Currently, so-called High-Resolution Wide-Swath (HRWS) satellite mission concepts are under heavy consideration. The new DBFSAR system is an ideal platform to simulate such missions, including the demonstration of SCan-On-REceive (SCORE) techniques in combination with multiple azimuth phase centers (MAPS) to achieve a wide swath at a high resolution [2,37]. HRWS missions are planned to operate in a fully polarimetric mode with a bandwidth up to 1.2 GHz, which has been recently allocated by the International Telecommunication Union (ITU) for remote sensing.
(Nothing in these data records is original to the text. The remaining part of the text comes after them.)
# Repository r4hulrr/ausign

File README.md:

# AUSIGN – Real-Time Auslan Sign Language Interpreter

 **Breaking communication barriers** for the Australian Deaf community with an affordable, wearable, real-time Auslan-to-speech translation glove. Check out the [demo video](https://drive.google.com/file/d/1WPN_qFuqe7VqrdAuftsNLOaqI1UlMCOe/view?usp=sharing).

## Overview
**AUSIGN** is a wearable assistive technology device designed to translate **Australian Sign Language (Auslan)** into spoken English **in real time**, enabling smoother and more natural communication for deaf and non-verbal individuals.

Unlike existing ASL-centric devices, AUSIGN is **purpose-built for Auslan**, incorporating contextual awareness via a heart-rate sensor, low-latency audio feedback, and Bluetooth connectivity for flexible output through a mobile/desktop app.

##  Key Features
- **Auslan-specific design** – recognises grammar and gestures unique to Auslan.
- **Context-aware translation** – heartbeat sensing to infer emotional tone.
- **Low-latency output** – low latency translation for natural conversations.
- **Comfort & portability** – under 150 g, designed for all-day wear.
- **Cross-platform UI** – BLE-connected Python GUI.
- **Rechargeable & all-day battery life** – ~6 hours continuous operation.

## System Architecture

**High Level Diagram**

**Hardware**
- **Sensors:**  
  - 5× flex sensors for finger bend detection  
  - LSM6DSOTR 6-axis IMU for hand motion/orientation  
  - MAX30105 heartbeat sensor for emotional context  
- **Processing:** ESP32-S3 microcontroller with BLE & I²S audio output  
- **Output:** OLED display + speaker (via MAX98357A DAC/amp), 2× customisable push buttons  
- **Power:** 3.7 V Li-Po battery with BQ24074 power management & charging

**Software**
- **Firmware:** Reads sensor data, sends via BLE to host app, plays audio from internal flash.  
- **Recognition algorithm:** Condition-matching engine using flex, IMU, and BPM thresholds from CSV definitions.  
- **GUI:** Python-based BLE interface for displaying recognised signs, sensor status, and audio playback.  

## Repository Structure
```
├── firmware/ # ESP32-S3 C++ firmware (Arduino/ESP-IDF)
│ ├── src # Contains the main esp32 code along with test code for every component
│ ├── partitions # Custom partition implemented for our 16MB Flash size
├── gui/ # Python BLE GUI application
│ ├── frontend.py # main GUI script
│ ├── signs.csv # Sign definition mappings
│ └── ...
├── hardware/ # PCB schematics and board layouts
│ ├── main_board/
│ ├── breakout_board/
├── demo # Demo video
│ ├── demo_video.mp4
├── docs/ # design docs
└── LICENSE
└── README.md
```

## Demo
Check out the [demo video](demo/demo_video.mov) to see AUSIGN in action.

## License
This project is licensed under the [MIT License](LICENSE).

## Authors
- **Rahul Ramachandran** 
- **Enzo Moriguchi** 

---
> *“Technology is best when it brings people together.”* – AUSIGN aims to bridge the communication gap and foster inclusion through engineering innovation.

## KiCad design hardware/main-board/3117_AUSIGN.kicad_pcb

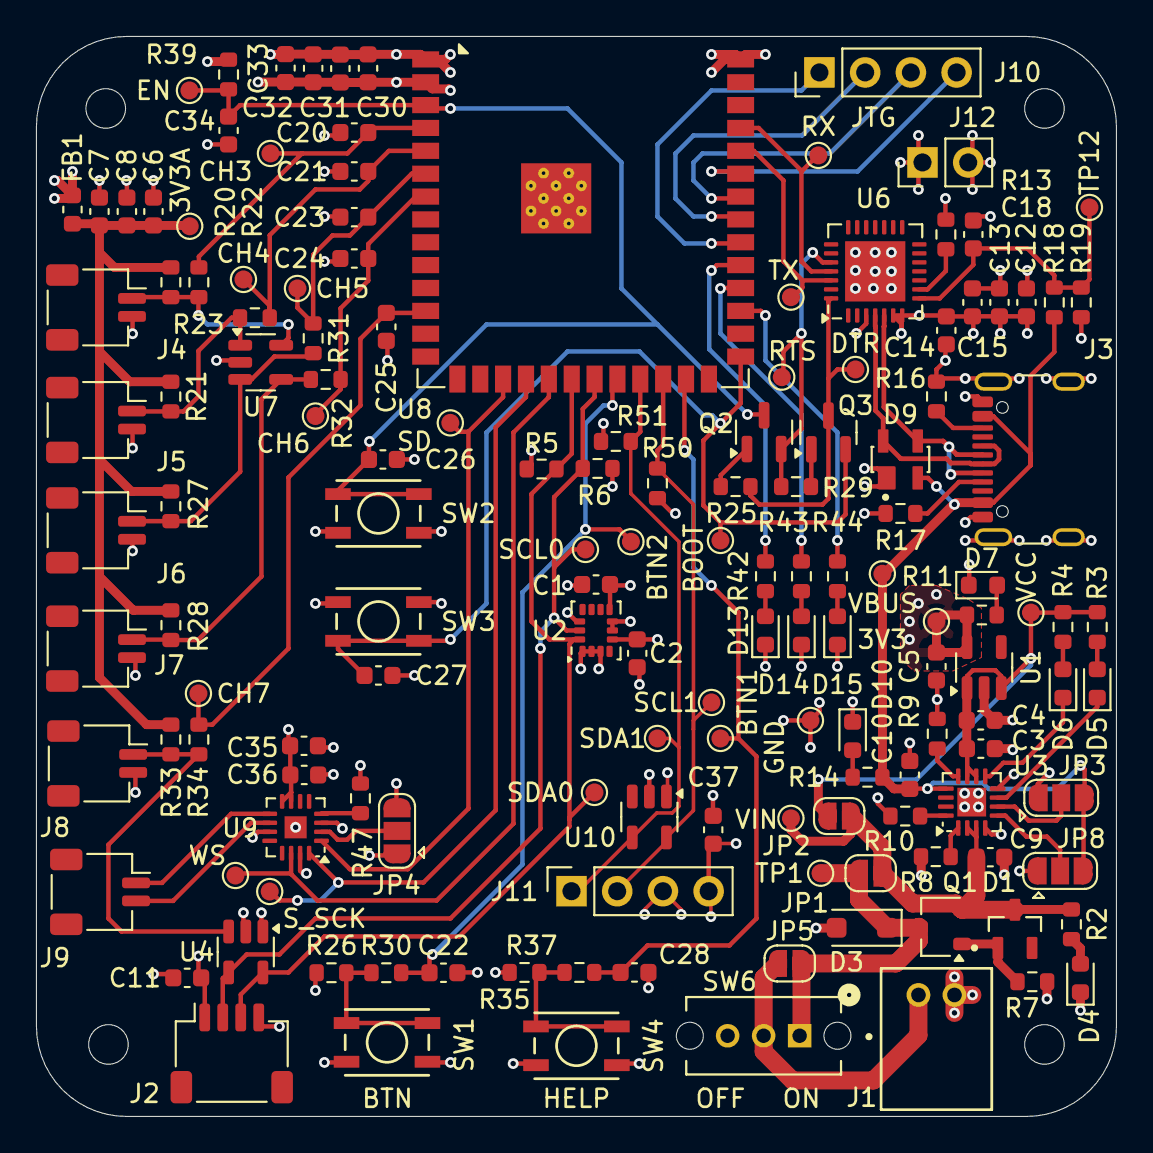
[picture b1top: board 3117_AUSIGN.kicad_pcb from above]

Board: 4 copper layers, 60.0 x 60.0 mm, 151 parts (0 on the bottom side), 70 nets.

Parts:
3V3, 3V3A: TestPoint; TestPoint_Pad_D1.0mm
BOOT: TestPoint; TestPoint_Pad_D1.0mm
BTN1, BTN2: TestPoint; TestPoint_Pad_D1.0mm
C1, C2, C7, C8, C11, C14, C15, C20, C21, C22, C23, C24, C25, C26, C27, C28, C30, C31, C36, C37: 100n; C_0603_1608Metric
C3, C9, C12, C13: 4u7; C_0603_1608Metric
C4, C5, C10, C18, C34: 1u; C_0603_1608Metric
C6, C35: 10u; C_0603_1608Metric
C32, C33: 22u; C_0603_1608Metric
CH3, CH4, CH5, CH6, CH7: TestPoint; TestPoint_Pad_D1.0mm
D1: MMBZ5233BLT1G
D3: SMF5.0A; D_SOD-123F
D4, D7, D10: LTST-C190KGKT; LED_0603_1608Metric
D5, D6, D13, D14, D15: LTST-C190KFKT; LED_0603_1608Metric
D9: SP0503BAHT; SP0503BAHTG
DTR: TestPoint; TestPoint_Pad_D1.0mm
EN: TestPoint; TestPoint_Pad_D1.0mm
FB1: BLM18AG601SN1D; L_0603_1608Metric
GND: TestPoint; TestPoint_Pad_D1.0mm
H1, H2, H3, H4: MountingHole; MountingHole_2.2mm_M2
J1: JST_PH_2P
J2: JST_SH_4P; JST_SH_SM04B-SRSS-TB_1x04-1MP_P1.00mm_Horizontal
J3: USB4105-GF-A; USB_C_Receptacle_GCT_USB4105-xx-A_16P_TopMnt_Horizontal
J4, J5, J6, J7, J8, J9: JST_SH_2P; JST_SH_SM02B-SRSS-TB_1x02-1MP_P1.00mm_Horizontal
J10: Conn_01x04_Pin; PinHeader_1x04_P2.54mm_Vertical
J11: Conn_01x04_Socket; PinSocket_1x04_P2.54mm_Vertical
J12: Conn_01x02_Pin; PinHeader_1x02_P2.54mm_Vertical
JP1, JP2, JP5: SolderJumper_2_Open; SolderJumper-2_P1.3mm_Open_RoundedPad1.0x1.5mm
JP3, JP4, JP8: SolderJumper_3_Open; SolderJumper-3_P1.3mm_Open_RoundedPad1.0x1.5mm
Q1: IRLML6402TRPBF; SOT-23W
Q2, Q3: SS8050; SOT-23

Both features can be fully accommodated by the DBFSAR system with up to 12 receive channels. Further satellite mission projects currently in study phase in the European context are ROSE-L (L-band SAR) [38] and Sentinel-1NG (C-band SAR Next Generation) [39]; both missions foresee the use of digital beamforming techniques to fulfill the user requirements. Given DBFSAR’s capability to configure the antenna and the number of channels in azimuth and range in a flexible way, it will be a well-suited tool to research and prepare the multi-channel operation, processing, and calibration techniques of such missions.

Author Contributions

Conceptualization, A.R. and A.M.; methodology, E.S., A.N., M.L., K.T., D.K., D.G., S.S., A.S., T.R., R.H., M.J., R.S., S.V.B., S.K.J., and A.B.C.d.S.; software, S.P., G.M., M.J., R.S., S.B., S.K.J., A.B.C.d.S., and A.R.; validation, M.J., R.S., and S.V.B.; writing—original draft preparation, A.R., E.S., M.L., T.R., M.J., R.S., S.V.B., S.K.J., and A.B.C.d.S.; writing—review and editing, A.R., A.M., E.S., M.L., T.R., M.J., R.S., S.V.B., S.K.J., and A.B.C.d.S.; project administration, A.R.; and funding acquisition, A.R. and A.M. All authors have read and agreed to the published version of the manuscript.

Funding

This research received no external funding.

Conflicts of Interest

The authors declare no conflict of interest.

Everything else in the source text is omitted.